Russ drove; Bob was even more sealed off than usual. The sniper’s stillness: part of the legend. His bitterness, his repressed anger, his sense of isolation—all a part of the same package. But behind those calm, dark eyes, Russ knew there was something going on.
“So what are you thinking?” Russ finally asked.
“That we just wasted a good solid day and that I’m out thirteen hundred bucks in tickets.”
“I’ll pay you—”
“It ain’t that, I don’t want your money. It was just waste. We are heading in a wrong direction.”
“No sir,” said Russ. “I honestly believe that there has to be a connection between the death of that child and the death of your father.”
“You bonehead,” said Bob cruelly, not even looking at him. “That’s impossible. My father was killed the same day that girl was found. There’s no way they could have set what they set up that fast. It was a four- or five-day operation, Frenchy working at his goddamned craziest. And second: there was no way anybody could have predicted that my daddy would find that body that day or any day. That was pure goddamn luck or whatever. Her mama came to him, and he went a-looking. Suppose he hadn’t have found that body? He’d still be dead by 11.00 . That body could have laid for weeks yet before someone came across it, and by that time it could have been so decomposed that it would take still more weeks before they got around to identifying it. No, what happened to that girl is a crime, and if poor Reggie Fuller died on its account, that is a pity and a sorrow, but it don’t mean shit to us.”

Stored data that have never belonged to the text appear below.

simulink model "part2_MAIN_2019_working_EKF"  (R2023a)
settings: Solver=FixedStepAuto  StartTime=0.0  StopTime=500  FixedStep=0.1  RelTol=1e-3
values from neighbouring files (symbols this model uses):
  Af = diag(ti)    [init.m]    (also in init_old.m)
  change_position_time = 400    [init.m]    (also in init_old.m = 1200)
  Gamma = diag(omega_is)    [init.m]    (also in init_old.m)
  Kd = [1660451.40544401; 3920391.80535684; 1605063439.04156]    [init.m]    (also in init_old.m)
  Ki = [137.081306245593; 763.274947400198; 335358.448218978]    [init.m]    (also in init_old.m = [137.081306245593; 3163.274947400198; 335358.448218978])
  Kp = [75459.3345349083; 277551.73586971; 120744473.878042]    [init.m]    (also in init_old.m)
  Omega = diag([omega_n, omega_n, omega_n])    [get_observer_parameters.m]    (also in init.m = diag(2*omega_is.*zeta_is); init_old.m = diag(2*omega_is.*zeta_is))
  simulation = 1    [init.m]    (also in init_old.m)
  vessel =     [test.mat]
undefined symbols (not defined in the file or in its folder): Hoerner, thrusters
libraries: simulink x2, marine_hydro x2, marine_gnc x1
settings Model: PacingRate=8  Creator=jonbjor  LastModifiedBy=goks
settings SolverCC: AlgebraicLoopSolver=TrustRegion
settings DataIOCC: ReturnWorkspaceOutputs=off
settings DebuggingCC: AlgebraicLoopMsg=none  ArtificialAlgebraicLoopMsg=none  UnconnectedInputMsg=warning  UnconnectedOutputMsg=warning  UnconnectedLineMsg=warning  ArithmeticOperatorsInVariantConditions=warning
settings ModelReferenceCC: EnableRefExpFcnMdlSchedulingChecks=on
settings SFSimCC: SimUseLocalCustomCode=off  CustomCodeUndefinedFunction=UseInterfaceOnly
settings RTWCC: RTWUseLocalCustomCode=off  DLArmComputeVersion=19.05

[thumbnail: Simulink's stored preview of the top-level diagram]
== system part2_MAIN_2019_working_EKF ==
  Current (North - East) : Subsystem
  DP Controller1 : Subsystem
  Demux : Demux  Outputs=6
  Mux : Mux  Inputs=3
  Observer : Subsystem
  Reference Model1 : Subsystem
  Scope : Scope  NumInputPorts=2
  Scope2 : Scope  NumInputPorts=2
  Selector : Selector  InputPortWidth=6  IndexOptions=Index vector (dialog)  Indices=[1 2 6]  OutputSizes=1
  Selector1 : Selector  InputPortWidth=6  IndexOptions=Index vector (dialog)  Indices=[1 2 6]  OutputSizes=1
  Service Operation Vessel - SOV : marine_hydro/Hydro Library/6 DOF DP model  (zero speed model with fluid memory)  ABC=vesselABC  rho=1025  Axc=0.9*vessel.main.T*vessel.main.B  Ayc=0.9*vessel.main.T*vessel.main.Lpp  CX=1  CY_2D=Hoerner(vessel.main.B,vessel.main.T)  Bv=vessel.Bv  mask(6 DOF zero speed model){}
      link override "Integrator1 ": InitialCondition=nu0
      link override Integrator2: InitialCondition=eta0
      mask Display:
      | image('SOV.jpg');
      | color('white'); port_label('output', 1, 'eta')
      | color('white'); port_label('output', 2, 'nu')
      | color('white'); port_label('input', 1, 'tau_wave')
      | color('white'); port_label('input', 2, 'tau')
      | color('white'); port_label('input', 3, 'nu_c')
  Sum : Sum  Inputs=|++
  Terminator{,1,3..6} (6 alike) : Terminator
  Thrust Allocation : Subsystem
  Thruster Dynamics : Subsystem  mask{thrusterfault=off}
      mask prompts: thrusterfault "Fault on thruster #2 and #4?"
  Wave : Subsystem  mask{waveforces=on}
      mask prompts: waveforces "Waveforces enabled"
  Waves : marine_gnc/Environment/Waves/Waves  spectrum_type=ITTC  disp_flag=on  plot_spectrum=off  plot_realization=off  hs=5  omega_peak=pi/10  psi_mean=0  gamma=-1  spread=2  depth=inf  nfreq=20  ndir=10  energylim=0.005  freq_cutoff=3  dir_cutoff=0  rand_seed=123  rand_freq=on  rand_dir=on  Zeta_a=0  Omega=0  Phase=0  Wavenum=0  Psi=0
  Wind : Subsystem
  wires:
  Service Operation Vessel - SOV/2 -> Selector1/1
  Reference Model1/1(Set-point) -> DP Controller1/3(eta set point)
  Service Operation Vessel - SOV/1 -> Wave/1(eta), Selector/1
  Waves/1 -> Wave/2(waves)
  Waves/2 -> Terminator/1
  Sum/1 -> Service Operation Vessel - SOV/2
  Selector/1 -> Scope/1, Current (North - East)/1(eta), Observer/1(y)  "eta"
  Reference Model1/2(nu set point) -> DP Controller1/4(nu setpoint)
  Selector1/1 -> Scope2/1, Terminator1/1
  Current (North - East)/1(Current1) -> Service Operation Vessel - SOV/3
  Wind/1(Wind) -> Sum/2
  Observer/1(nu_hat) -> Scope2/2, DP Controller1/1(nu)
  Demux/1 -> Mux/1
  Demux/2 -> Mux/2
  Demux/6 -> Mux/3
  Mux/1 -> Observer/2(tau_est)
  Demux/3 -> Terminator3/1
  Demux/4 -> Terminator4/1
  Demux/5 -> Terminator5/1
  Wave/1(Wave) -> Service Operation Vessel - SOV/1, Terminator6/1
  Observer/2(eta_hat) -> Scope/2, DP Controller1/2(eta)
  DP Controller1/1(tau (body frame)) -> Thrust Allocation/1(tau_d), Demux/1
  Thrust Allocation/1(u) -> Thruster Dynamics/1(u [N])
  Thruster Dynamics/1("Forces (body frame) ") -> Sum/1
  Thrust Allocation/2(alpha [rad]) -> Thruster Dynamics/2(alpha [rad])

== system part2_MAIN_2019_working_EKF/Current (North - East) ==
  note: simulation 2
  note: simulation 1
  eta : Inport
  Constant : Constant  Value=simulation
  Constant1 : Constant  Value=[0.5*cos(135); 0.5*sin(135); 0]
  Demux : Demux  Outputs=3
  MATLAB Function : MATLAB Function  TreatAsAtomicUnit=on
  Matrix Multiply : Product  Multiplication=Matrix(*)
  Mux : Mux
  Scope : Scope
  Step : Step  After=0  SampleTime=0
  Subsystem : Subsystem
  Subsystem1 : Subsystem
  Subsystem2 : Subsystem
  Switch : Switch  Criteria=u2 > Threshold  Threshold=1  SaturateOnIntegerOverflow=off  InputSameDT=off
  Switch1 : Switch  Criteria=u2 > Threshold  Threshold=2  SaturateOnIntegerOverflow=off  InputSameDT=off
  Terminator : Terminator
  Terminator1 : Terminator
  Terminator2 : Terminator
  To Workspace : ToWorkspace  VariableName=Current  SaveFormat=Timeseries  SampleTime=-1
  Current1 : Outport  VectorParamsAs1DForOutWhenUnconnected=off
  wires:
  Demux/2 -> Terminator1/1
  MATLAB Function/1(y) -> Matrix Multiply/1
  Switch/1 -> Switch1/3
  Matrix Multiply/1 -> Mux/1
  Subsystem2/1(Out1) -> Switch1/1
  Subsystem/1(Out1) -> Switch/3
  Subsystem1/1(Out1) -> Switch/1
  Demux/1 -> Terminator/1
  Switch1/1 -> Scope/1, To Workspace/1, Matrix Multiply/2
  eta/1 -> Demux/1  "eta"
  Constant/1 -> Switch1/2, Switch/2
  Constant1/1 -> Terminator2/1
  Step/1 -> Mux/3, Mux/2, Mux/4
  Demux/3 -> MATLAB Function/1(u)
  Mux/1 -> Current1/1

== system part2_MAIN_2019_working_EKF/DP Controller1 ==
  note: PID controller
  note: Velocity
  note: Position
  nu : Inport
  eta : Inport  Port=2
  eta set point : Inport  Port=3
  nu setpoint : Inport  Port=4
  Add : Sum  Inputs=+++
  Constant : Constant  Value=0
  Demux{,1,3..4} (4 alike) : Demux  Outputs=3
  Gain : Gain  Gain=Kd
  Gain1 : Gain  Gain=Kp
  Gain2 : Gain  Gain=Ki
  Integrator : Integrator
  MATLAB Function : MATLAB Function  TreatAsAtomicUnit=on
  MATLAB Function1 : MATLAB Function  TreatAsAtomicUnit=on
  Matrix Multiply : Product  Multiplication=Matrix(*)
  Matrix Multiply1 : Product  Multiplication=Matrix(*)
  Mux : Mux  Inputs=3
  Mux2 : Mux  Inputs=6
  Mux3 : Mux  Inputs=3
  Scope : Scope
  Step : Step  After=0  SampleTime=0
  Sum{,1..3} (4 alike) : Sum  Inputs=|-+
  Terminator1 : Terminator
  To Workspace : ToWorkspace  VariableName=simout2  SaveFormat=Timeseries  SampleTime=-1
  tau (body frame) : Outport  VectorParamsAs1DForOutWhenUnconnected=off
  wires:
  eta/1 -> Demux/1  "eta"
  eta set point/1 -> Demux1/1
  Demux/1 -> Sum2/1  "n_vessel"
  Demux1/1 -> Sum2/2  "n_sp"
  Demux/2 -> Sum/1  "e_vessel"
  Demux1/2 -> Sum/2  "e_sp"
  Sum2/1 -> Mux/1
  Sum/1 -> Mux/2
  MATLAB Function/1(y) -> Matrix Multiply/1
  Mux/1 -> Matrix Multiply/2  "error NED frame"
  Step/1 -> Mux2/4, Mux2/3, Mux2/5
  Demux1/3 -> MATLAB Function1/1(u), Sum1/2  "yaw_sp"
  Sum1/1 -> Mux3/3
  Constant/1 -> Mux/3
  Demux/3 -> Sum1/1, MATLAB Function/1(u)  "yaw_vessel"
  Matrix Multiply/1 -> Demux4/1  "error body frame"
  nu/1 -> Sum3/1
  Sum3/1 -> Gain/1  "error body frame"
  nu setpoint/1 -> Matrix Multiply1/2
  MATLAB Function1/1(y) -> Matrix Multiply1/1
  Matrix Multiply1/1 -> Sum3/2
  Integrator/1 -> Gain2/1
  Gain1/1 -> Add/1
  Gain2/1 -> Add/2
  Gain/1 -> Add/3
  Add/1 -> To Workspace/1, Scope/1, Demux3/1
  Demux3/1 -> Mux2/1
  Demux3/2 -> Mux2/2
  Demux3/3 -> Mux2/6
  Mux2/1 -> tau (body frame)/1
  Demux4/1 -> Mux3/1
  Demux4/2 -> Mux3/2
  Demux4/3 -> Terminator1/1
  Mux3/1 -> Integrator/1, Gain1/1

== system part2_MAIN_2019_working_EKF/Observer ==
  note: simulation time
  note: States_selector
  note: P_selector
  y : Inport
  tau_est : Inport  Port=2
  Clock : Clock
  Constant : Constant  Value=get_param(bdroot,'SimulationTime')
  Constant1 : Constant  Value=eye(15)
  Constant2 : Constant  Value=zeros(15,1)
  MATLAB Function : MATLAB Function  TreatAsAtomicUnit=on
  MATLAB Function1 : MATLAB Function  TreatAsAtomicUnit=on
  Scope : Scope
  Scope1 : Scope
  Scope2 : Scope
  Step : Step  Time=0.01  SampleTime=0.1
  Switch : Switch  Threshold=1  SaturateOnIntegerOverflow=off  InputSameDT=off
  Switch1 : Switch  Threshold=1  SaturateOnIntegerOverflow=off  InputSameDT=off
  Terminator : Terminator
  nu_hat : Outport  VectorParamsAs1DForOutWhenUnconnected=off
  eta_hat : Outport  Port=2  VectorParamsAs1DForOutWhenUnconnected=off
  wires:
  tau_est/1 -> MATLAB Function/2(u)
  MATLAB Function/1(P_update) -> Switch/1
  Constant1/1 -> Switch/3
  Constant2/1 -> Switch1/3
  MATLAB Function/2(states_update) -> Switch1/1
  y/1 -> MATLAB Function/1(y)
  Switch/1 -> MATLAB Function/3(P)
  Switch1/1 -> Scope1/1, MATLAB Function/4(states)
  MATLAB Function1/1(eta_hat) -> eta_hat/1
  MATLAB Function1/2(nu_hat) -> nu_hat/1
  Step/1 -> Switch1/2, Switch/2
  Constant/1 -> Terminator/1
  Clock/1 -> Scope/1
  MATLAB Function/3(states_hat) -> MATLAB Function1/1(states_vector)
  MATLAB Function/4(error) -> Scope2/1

Russ still believed that there was some connection.
“It had to. What else could possibly have been going on in Polk County in 1955 that would have been worth setting up that elaborate conspiracy? Frenchy Short wouldn’t just do something for—”
“That is right as rain,” said Bob. “So here’s what I think. I think my father was on some kind of investigative team or something the state police were running. Maybe it had to do with what was going on at Camp Chaffee. And somehow he found something out. And had to be stopped.”
“That sounds like a crummy movie,” said Russ.
“I know it does, and I don’t even go to movies,” said Bob grumpily.
“Well, maybe—”
“Slow down,” said Bob, “and don’t turn around fast.”
A moment or two ticked by.
Bob slid his .45 out of the inside-the-belt holster which Russ hadn’t even seen him put on.
“What the hell—”
“Easy, easy,” said Bob.
Russ became aware of a van, blue, riding in the dead man’s slot just where his mirrors couldn’t track it.